Daniel Golden/ジャーナリスト。ハーバード大学卒業。『ウォール・ストリート・ジャーナル』ボストン支局副支局長時代に、裏口入学問題の告発連載記事によりピュリッツァー賞受賞。現在、非営利報道機関ProPublica副編集長。

 ハーバード大学ジョン・F・ケネディ公共政策大学院にはアメリカ人が3分の1しかいない。他は外国人留学生。もっともその特徴はアメリカ側にも利益をもたらしているようだ。

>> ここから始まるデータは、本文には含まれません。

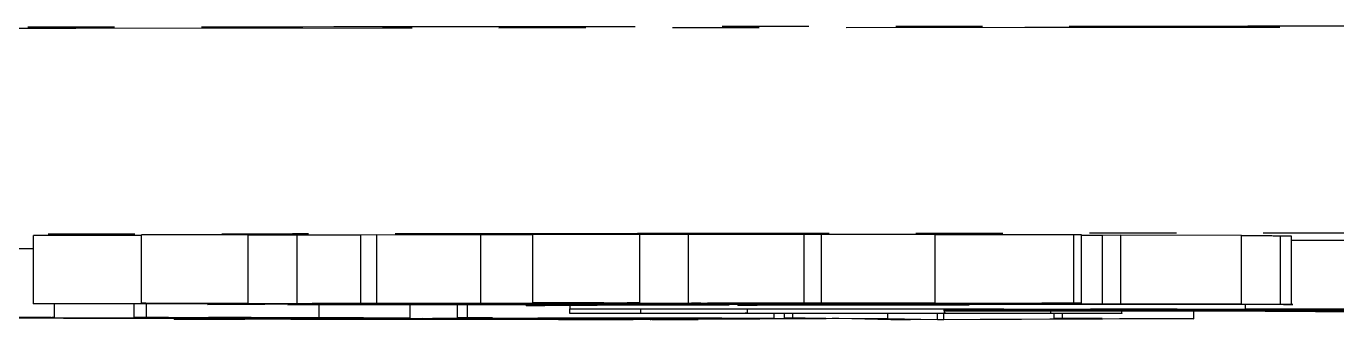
# Model space of a CAD drawing. Header units: millimetres. Extents: x 2687 to 4367, y 1046 to 2234.
# Drawn here: x 3397.12 to 3416.3, y 1266.92 to 1271.22 of the extents above; entities that cross this region are included whole.
import ezdxf

# ---------------------------------------------------------------- set-up
doc = ezdxf.new("R2010")
doc.units = ezdxf.units.MM
doc.linetypes.add('PHANTOM', pattern=[12.7, 6.35, -1.27, 1.27, -1.27, 1.27, -1.27])

msp = doc.modelspace()

# ---------------------------------------------------------------- linework, layer by layer
at = {"color": 7, "linetype": 'PHANTOM', "lineweight": 25}
for p, q in [((3398.811, 1268.152), (3397.231, 1268.15)), ((3397.231, 1267.15), (3397.231, 1268.15)), ((3400.373, 1268.159), (3398.811, 1268.159)), ((3398.811, 1267.159), (3398.811, 1268.159)), ((3400.373, 1267.159), (3400.373, 1268.159)), ((3401.087, 1268.155), (3400.373, 1268.157)), ((3402.022, 1268.156), (3401.087, 1268.155)), ((3401.087, 1267.155), (3401.087, 1268.155)), ((3402.253, 1268.159), (3402.022, 1268.156)), ((3402.022, 1267.156), (3402.022, 1268.156)), ((3403.776, 1268.158), (3402.253, 1268.159)), ((3402.253, 1267.159), (3402.253, 1268.159)), ((3404.536, 1268.16), (3403.776, 1268.159)), ((3403.776, 1267.159), (3403.776, 1268.159)), ((3406.1, 1268.167), (3404.536, 1268.167)), ((3404.536, 1267.167), (3404.536, 1268.167)), ((3406.1, 1267.167), (3406.1, 1268.167)), ((3406.814, 1268.163), (3406.1, 1268.165)), ((3408.507, 1268.165), (3406.814, 1268.163)), ((3406.814, 1267.163), (3406.814, 1268.163)), ((3408.761, 1268.168), (3408.507, 1268.165)), ((3408.507, 1267.165), (3408.507, 1268.165)), ((3410.426, 1268.167), (3408.761, 1268.168)), ((3408.761, 1267.168), (3408.761, 1268.168)), ((3410.426, 1267.167), (3410.426, 1268.167)), ((3412.565, 1268.161), (3412.452, 1268.161)), ((3412.452, 1267.161), (3412.452, 1268.161)), ((3412.565, 1267.161), (3412.565, 1268.161)), ((3412.871, 1268.151), (3412.565, 1268.151)), ((3413.141, 1268.154), (3412.871, 1268.151)), ((3412.871, 1267.151), (3412.871, 1268.151)), ((3414.905, 1268.153), (3413.141, 1268.154)), ((3413.141, 1267.154), (3413.141, 1268.154)), ((3414.905, 1267.153), (3414.905, 1268.153)), ((3415.475, 1267.144), (3415.475, 1268.144)), ((3415.64, 1267.143), (3415.64, 1268.143)), ((3397.231, 1267.15), (3400.326, 1267.154)), ((3398.092, 1267.149), (3397.231, 1267.15)), ((3397.539, 1266.952), (3397.539, 1267.15)), ((3398.702, 1266.951), (3398.702, 1267.151)), ((3398.811, 1267.159), (3400.373, 1267.159)), ((3398.881, 1266.952), (3398.881, 1267.151)), ((3400.082, 1267.153), (3399.381, 1267.152)), ((3399.782, 1267.14), (3399.782, 1267.152)), ((3399.782, 1267.14), (3400.123, 1267.145)), ((3399.99, 1267.14), (3399.782, 1267.14)), ((3400.373, 1267.159), (3400.226, 1267.158)), ((3400.226, 1267.158), (3401.087, 1267.155)), ((3400.95, 1267.135), (3412.871, 1267.151)), ((3401.808, 1267.135), (3400.95, 1267.135)), ((3401.074, 1267.152), (3401.064, 1267.151)), ((3401.087, 1267.155), (3402.022, 1267.156)), ((3403.822, 1267.158), (3401.31, 1267.154)), ((3401.31, 1267.154), (3401.721, 1267.153)), ((3401.41, 1266.948), (3401.41, 1267.135)), ((3401.721, 1267.153), (3401.721, 1267.155)), ((3402.022, 1267.156), (3402.253, 1267.159)), ((3402.217, 1267.142), (3409.989, 1267.152)), ((3403.08, 1267.141), (3402.217, 1267.142)), ((3402.253, 1267.159), (3403.822, 1267.158)), ((3402.742, 1266.943), (3402.742, 1267.137)), ((3407.775, 1267.143), (3403.1, 1267.137)), ((3403.837, 1267.146), (3403.147, 1267.144)), ((3403.433, 1266.944), (3403.433, 1267.137)), ((3403.583, 1266.945), (3403.583, 1267.138)), ((3403.776, 1267.159), (3406.054, 1267.162)), ((3404.636, 1267.158), (3403.776, 1267.159)), ((3403.822, 1267.158), (3403.822, 1267.159)), ((3411.908, 1267.154), (3404.372, 1267.144)), ((3404.441, 1267.128), (3404.441, 1267.139)), ((3404.649, 1267.127), (3404.441, 1267.128)), ((3404.51, 1267.153), (3404.51, 1267.158)), ((3404.536, 1267.167), (3406.1, 1267.167)), ((3405.077, 1267.14), (3405.077, 1267.076)), ((3405.077, 1267.074), (3405.077, 1267.076)), ((3405.077, 1267.076), (3414.966, 1267.076)), ((3406.117, 1267.074), (3405.077, 1267.074)), ((3405.077, 1267.015), (3405.077, 1267.074)), ((3405.494, 1267.149), (3405.494, 1267.164)), ((3405.72, 1267.148), (3405.494, 1267.149)), ((3405.756, 1267.139), (3405.756, 1267.141)), ((3405.756, 1267.139), (3407.408, 1267.139)), ((3406.1, 1267.167), (3405.918, 1267.166)), ((3405.918, 1267.166), (3406.814, 1267.163)), ((3406.022, 1267.157), (3405.926, 1267.161)), ((3406.117, 1267.015), (3406.117, 1267.074)), ((3406.814, 1267.163), (3408.507, 1267.165)), ((3407.408, 1267.139), (3406.899, 1267.138)), ((3410.426, 1267.167), (3407.094, 1267.162)), ((3407.408, 1267.139), (3407.408, 1267.143)), ((3407.536, 1267.134), (3407.536, 1267.143)), ((3407.685, 1267.133), (3407.536, 1267.134)), ((3407.678, 1267.018), (3407.678, 1267.071)), ((3409.717, 1267.137), (3407.775, 1267.143)), ((3408.507, 1267.165), (3408.761, 1267.168)), ((3414.905, 1267.153), (3408.594, 1267.145)), ((3408.594, 1267.145), (3410.575, 1267.138)), ((3408.761, 1267.168), (3410.426, 1267.167)), ((3409.486, 1267.154), (3408.836, 1267.152)), ((3409.989, 1267.152), (3410.243, 1267.155)), ((3410.243, 1267.155), (3411.908, 1267.154)), ((3410.444, 1267.145), (3410.444, 1267.147)), ((3410.533, 1267.144), (3410.444, 1267.145)), ((3410.554, 1267.047), (3410.554, 1267.071)), ((3410.575, 1267.138), (3410.575, 1267.147)), ((3410.92, 1267.136), (3410.92, 1267.148)), ((3412.115, 1267.074), (3414.015, 1267.074)), ((3412.452, 1267.161), (3412.565, 1267.161)), ((3412.871, 1267.151), (3413.141, 1267.154)), ((3413.141, 1267.154), (3414.905, 1267.153)), ((3414.966, 1267.076), (3414.966, 1267.142)), ((3394.832, 1266.937), (3399.106, 1266.95)), ((3397.49, 1266.942), (3395.518, 1266.936)), ((3398.817, 1266.94), (3397.49, 1266.942)), ((3399.792, 1266.949), (3397.669, 1266.942)), ((3397.669, 1266.942), (3398.74, 1266.941)), ((3398.702, 1266.951), (3398.881, 1266.952)), ((3398.958, 1266.951), (3398.702, 1266.951)), ((3398.74, 1266.941), (3398.74, 1266.945)), ((3398.881, 1266.952), (3401.41, 1266.948)), ((3399.289, 1266.928), (3399.289, 1266.947)), ((3399.289, 1266.928), (3399.438, 1266.929)), ((3403.957, 1266.923), (3399.289, 1266.928)), ((3399.438, 1266.929), (3399.438, 1266.948)), ((3399.438, 1266.929), (3399.713, 1266.929)), ((3400.324, 1266.929), (3403.876, 1266.943)), ((3401.015, 1266.948), (3400.416, 1266.949)), ((3402.919, 1266.935), (3401.056, 1266.928)), ((3401.268, 1266.927), (3401.268, 1266.929)), ((3401.268, 1266.927), (3402.458, 1266.925)), ((3401.564, 1266.942), (3402.008, 1266.944)), ((3402.458, 1266.925), (3402.458, 1266.934)), ((3404.244, 1266.934), (3402.919, 1266.935)), ((3404.608, 1266.942), (3403.069, 1266.936)), ((3403.069, 1266.936), (3404.394, 1266.935)), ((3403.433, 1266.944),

「留学生とは言え、多くはその国の政府から派遣されてくる場合が多い。彼らの目的の一つはお互いに人脈を作ること。そこでCIAは虚偽の身分を使ってスパイを送り込み、外国人留学生と親しくなるのです。親日家で有名なジョセフ・ナイ氏のように、政府と大学を出たり入ったりしているアメリカ人もいるので、CIAと気づかれません」

 外国人は留学が終わって自国に戻った後、大学で昵懇(じっこん)の間柄になったアメリカ人から連絡を受けて情報提供を依頼されることがあるが、まさか相手がCIA職員とは知るよしもない。本人も知らない間にスパイになっているとゴールデン氏は言う。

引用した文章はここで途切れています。